Researchers led by MIT Professor James DiCarlo, the director of MIT’s Quest for Intelligence and member of the MIT-IBM Watson AI Lab, have made a computer vision model more robust by training it to work like a part of the brain that humans and other primates rely on for object recognition . This May, at the International Conference on Learning Representations, the team reported that when they trained an artificial neural network using neural activity patterns in the brain’s inferior temporal (IT) cortex, the artificial neural network was more robustly able to identify objects in images than a model that lacked that neural training. And the model’s interpretations of images more closely matched what humans saw, even when images included minor distortions that made the task more difficult. Comparing neural circuits
Many of the artificial neural networks used for computer vision already resemble the multilayered brain circuits that process visual information in humans and other primates. Like the brain, they use neuron-like units that work together to process information. As they are trained for a particular task, these layered components collectively and progressively process the visual information to complete the task—determining, for example, that an image depicts a bear or a car or a tree.

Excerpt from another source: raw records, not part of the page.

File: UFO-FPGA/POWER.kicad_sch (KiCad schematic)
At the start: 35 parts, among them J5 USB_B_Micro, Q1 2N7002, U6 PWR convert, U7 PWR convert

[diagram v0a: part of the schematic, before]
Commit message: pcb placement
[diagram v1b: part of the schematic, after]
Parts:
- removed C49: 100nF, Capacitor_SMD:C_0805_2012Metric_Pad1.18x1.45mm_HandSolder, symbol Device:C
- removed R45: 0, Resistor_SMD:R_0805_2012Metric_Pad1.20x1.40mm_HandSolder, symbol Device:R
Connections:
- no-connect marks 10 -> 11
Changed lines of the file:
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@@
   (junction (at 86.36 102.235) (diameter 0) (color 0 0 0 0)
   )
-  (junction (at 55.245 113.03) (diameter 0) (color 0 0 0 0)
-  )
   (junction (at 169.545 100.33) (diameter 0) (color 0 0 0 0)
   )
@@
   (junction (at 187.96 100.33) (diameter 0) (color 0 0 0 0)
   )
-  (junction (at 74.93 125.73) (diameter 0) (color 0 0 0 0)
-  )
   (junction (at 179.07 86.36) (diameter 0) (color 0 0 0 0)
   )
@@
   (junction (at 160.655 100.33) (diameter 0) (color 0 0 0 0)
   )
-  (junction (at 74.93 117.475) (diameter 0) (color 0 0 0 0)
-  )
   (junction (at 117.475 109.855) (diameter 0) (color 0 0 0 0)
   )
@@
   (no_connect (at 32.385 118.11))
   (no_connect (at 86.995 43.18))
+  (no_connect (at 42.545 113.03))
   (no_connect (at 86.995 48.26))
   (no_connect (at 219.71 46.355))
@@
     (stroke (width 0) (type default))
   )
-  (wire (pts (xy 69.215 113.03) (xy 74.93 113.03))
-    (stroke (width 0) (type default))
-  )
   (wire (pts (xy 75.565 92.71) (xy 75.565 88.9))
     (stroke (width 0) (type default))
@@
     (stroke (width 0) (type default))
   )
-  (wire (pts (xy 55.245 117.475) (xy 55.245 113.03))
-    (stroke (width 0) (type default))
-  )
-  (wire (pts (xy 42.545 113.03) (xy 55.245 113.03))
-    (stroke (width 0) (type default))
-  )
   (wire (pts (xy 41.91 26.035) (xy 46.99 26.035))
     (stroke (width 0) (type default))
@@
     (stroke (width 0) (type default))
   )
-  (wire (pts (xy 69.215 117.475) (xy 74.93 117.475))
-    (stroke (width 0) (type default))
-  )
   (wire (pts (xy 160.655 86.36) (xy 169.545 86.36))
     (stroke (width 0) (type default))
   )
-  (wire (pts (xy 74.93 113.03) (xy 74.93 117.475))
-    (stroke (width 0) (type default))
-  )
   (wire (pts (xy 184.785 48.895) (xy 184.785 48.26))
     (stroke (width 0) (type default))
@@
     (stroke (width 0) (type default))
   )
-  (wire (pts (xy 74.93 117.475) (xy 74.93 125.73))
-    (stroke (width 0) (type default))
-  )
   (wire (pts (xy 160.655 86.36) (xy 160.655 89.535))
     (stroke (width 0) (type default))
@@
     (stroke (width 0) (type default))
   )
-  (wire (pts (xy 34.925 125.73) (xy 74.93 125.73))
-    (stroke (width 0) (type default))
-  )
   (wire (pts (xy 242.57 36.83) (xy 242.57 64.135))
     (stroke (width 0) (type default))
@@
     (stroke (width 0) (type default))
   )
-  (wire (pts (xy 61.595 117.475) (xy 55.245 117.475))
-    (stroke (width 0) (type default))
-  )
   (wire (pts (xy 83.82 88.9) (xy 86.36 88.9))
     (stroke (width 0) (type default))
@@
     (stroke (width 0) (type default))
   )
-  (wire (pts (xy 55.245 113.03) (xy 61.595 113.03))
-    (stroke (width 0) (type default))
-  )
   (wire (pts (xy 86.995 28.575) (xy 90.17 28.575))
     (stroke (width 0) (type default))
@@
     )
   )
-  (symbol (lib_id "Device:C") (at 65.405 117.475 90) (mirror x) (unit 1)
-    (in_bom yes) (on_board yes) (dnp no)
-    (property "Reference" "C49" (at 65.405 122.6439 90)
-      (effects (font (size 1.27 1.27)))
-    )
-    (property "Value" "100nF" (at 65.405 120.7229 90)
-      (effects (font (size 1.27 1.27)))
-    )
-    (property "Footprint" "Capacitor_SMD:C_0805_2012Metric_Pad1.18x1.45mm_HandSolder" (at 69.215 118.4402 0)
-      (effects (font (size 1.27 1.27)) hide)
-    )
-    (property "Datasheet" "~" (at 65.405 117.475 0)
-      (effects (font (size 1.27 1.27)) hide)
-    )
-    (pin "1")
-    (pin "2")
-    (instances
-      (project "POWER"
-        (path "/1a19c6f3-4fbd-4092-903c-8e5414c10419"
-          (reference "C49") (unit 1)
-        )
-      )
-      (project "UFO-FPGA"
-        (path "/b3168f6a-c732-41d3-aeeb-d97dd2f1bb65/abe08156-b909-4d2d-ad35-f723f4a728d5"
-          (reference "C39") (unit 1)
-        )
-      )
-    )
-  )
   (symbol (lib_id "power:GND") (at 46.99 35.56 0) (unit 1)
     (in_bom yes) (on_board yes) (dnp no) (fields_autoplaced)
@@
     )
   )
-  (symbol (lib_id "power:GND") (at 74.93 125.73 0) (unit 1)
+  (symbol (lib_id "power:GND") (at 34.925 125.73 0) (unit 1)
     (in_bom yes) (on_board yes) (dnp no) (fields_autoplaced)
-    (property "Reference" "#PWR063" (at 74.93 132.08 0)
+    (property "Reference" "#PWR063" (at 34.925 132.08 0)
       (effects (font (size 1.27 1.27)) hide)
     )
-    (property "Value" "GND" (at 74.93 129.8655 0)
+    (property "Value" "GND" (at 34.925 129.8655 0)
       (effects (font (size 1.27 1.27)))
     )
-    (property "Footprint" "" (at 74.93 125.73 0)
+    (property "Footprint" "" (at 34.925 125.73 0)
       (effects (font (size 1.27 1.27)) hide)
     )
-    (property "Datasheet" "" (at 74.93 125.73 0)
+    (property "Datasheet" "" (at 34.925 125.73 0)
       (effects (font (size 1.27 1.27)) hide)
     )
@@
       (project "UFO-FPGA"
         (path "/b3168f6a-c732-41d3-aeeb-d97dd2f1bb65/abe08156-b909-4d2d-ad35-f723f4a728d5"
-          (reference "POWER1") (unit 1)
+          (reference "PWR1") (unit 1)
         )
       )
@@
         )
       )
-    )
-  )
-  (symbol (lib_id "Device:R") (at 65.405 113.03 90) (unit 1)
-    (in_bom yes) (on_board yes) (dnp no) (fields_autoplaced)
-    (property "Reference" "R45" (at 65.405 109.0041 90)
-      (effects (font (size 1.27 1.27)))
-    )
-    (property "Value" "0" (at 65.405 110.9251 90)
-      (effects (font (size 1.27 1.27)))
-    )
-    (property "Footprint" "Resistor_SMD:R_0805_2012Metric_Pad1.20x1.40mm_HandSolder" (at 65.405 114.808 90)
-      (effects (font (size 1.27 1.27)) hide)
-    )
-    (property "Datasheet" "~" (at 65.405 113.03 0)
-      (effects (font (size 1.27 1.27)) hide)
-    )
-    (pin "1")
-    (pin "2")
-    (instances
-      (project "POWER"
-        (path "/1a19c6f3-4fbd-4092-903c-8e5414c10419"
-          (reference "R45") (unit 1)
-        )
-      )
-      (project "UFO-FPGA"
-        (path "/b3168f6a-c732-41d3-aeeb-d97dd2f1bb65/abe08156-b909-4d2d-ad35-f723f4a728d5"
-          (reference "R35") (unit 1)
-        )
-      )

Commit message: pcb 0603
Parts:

DiCarlo and others previously found that when such deep-learning computer vision systems establish efficient ways to solve visual problems, they end up with artificial circuits that work similarly to the neural circuits that process visual information in our own brains. That is, they turn out to be surprisingly good scientific models of the neural mechanisms underlying primate and human vision .
That resemblance is helping neuroscientists deepen their understanding of the brain. By demonstrating ways visual information can be processed to make sense of images, computational models suggest hypotheses about how the brain might accomplish the same task. As developers continue to refine computer vision models, neuroscientists have found new ideas to explore in their own work.
“As vision systems get better at performing in the real world, some of them turn out to be more human-like in their internal processing. That’s useful from an understanding-biology point of view,” says DiCarlo, who is also a professor of brain and cognitive sciences and an investigator at the McGovern Institute for Brain Research. Engineering a more brain-like AI
While their potential is promising, computer vision systems are not yet perfect models of human vision. DiCarlo suspected one way to improve computer vision may be to incorporate specific brain-like features into these models.
To test this idea, he and his collaborators built a computer vision model using neural data previously collected from vision-processing neurons in the monkey IT cortex—a key part of the primate ventral visual pathway involved in the recognition of objects—while the animals viewed various images. More specifically, Joel Dapello, a Harvard University graduate student and former MIT-IBM Watson AI Lab intern; and Kohitij Kar, assistant professor and Canada Research Chair (Visual Neuroscience) at York University and visiting scientist at MIT; in collaboration with David Cox, IBM Research’s vice president for AI models and IBM director of the MIT-IBM Watson AI Lab; and other researchers at IBM Research and MIT asked an artificial neural network to emulate the behavior of these primate vision-processing neurons while the network learned to identify objects in a standard computer vision task.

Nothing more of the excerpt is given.